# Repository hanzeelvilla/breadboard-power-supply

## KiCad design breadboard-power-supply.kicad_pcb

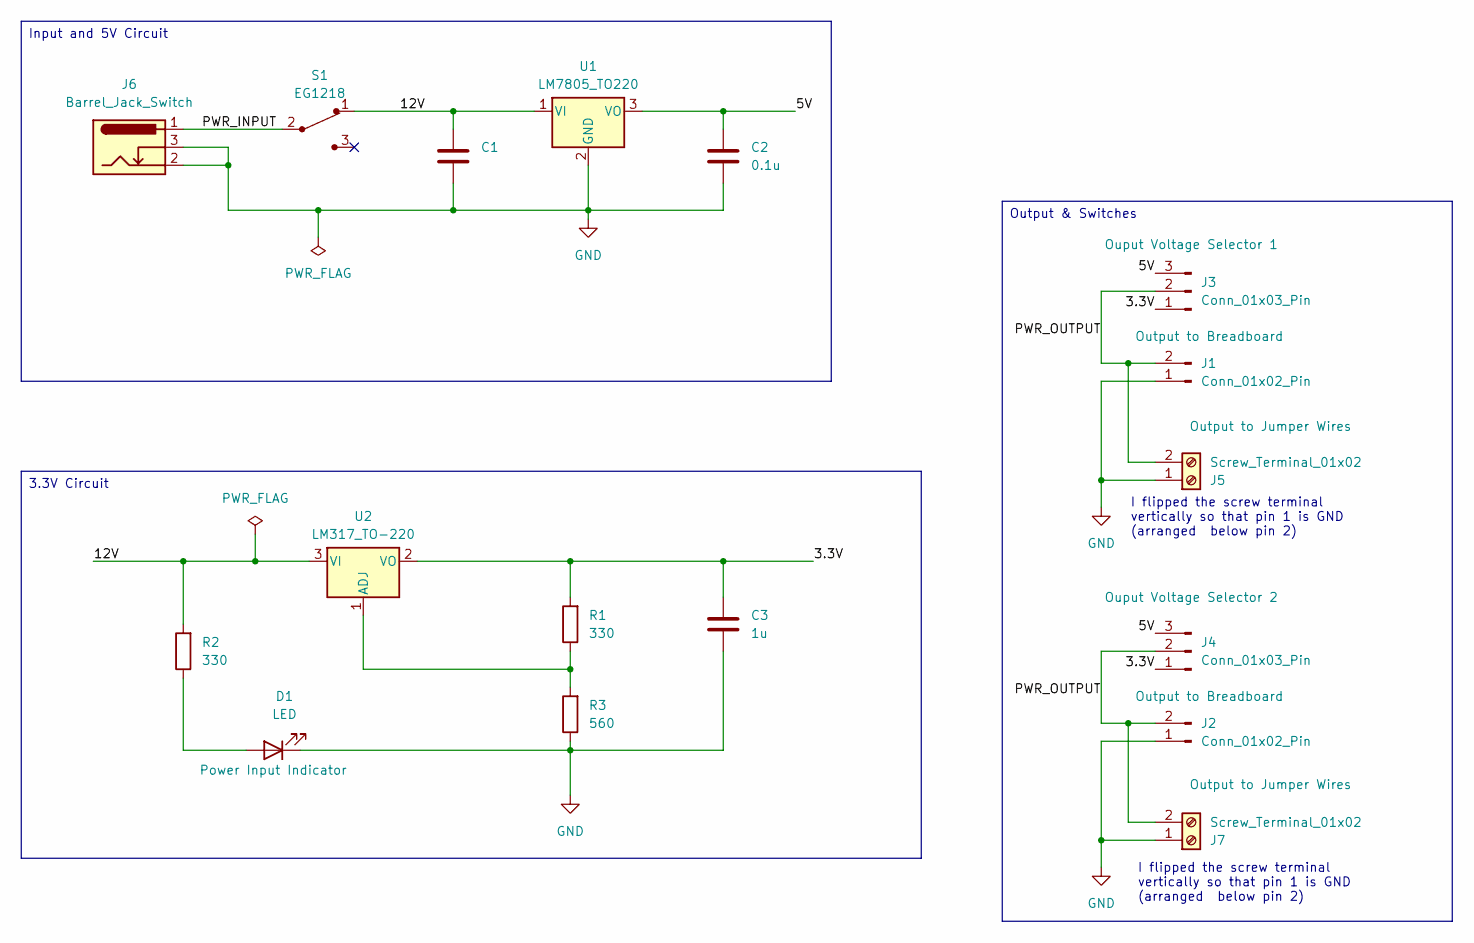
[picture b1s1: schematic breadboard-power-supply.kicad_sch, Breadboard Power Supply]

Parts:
C1: 10u; C_Disc_D3.0mm_W1.6mm_P2.50mm
C2: 0.1u; C_Disc_D3.0mm_W1.6mm_P2.50mm
C3: 1u; C_Disc_D3.0mm_W1.6mm_P2.50mm
D1: LED; LED_D5.0mm
J1, J2: Conn_01x02_Pin; PinHeader_1x02_P2.54mm_Vertical
J3, J4: Conn_01x03_Pin; PinHeader_1x03_P2.54mm_Vertical
J5, J7: Screw_Terminal_01x02; TerminalBlock_Xinya_XY308-2.54-2P_1x02_P2.54mm_Horizontal
J6: Barrel_Jack_Switch; BarrelJack_Horizontal
R1, R2: 330; R_Axial_DIN0204_L3.6mm_D1.6mm_P7.62mm_Horizontal
R3: 560; R_Axial_DIN0204_L3.6mm_D1.6mm_P7.62mm_Horizontal
S1: EG1218; Switch_Slide_11.6x4mm_EG1218; MPN EG1218; Digi-Key_PN EG1903-ND
U1: LM7805_TO220; TO-220-3_Vertical
U2: LM317_TO-220; TO-220-3_Vertical

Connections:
/3.3V: C3.1, J3.1, J4.1, R1.2, U2.2 (VO)
/5V: C2.1, J3.3, J4.3, U1.3 (VO)
/12V: C1.1, R2.2, S1.1, U1.1 (VI), U2.3 (VI)
/PWR_INPUT: J6.1, S1.2
/PWR_OUTPUT: J1.2, J2.2, J3.2, J4.2, J5.2, J7.2
GND: C1.2, C2.2, C3.2, D1.1 (K), J1.1, J2.1, J5.1, J6.2, J6.3, J7.1, R3.1, U1.2 (GND)
unnamed: D1.2 (A), R2.1
unnamed: R1.1, R3.2, U2.1 (ADJ)

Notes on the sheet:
I flipped the screw terminal vertically so that pin 1 is GND (arranged below pin 2)
Input and 5V Circuit
Output & Switches
3.3V Circuit

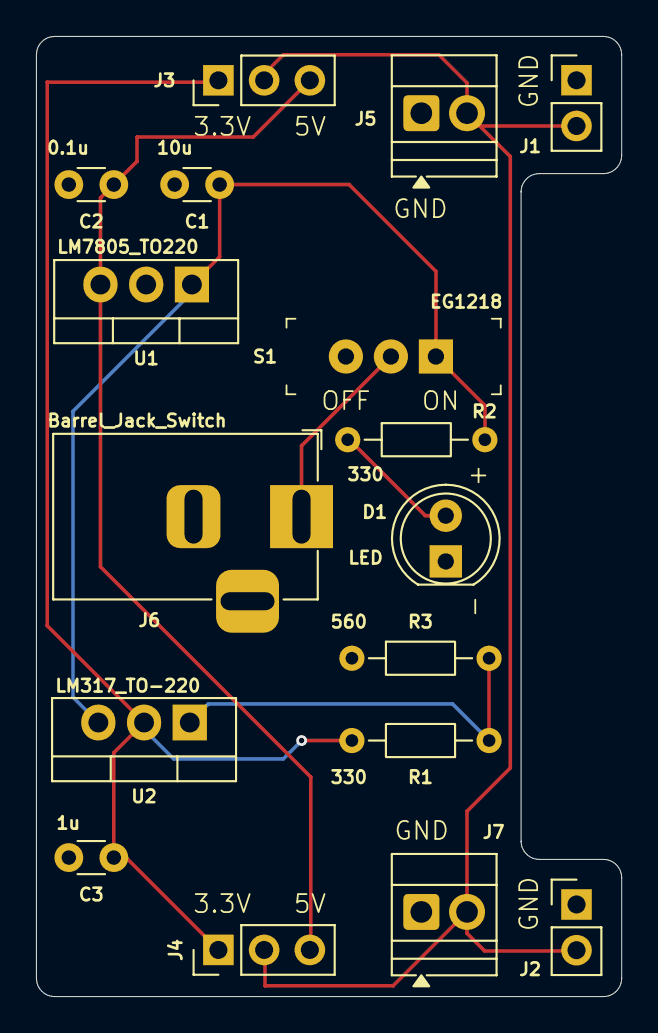
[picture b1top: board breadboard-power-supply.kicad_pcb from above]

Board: 2 copper layers, 32.5 x 53.3 mm, 17 parts (0 on the bottom side), 8 nets.

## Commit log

2025-12-18 Schema finished
2025-12-22 First PCB design
2025-12-22 PCB border refined
2025-12-24 Routes
2025-12-26 Silkscreen

Task requirements. From the listing above, collect each line in which the string "breadboard" appears.

Task solution.
# Repository hanzeelvilla/breadboard-power-supply
## KiCad design breadboard-power-supply.kicad_pcb
[picture b1s1: schematic breadboard-power-supply.kicad_sch, Breadboard Power Supply]
[picture b1top: board breadboard-power-supply.kicad_pcb from above]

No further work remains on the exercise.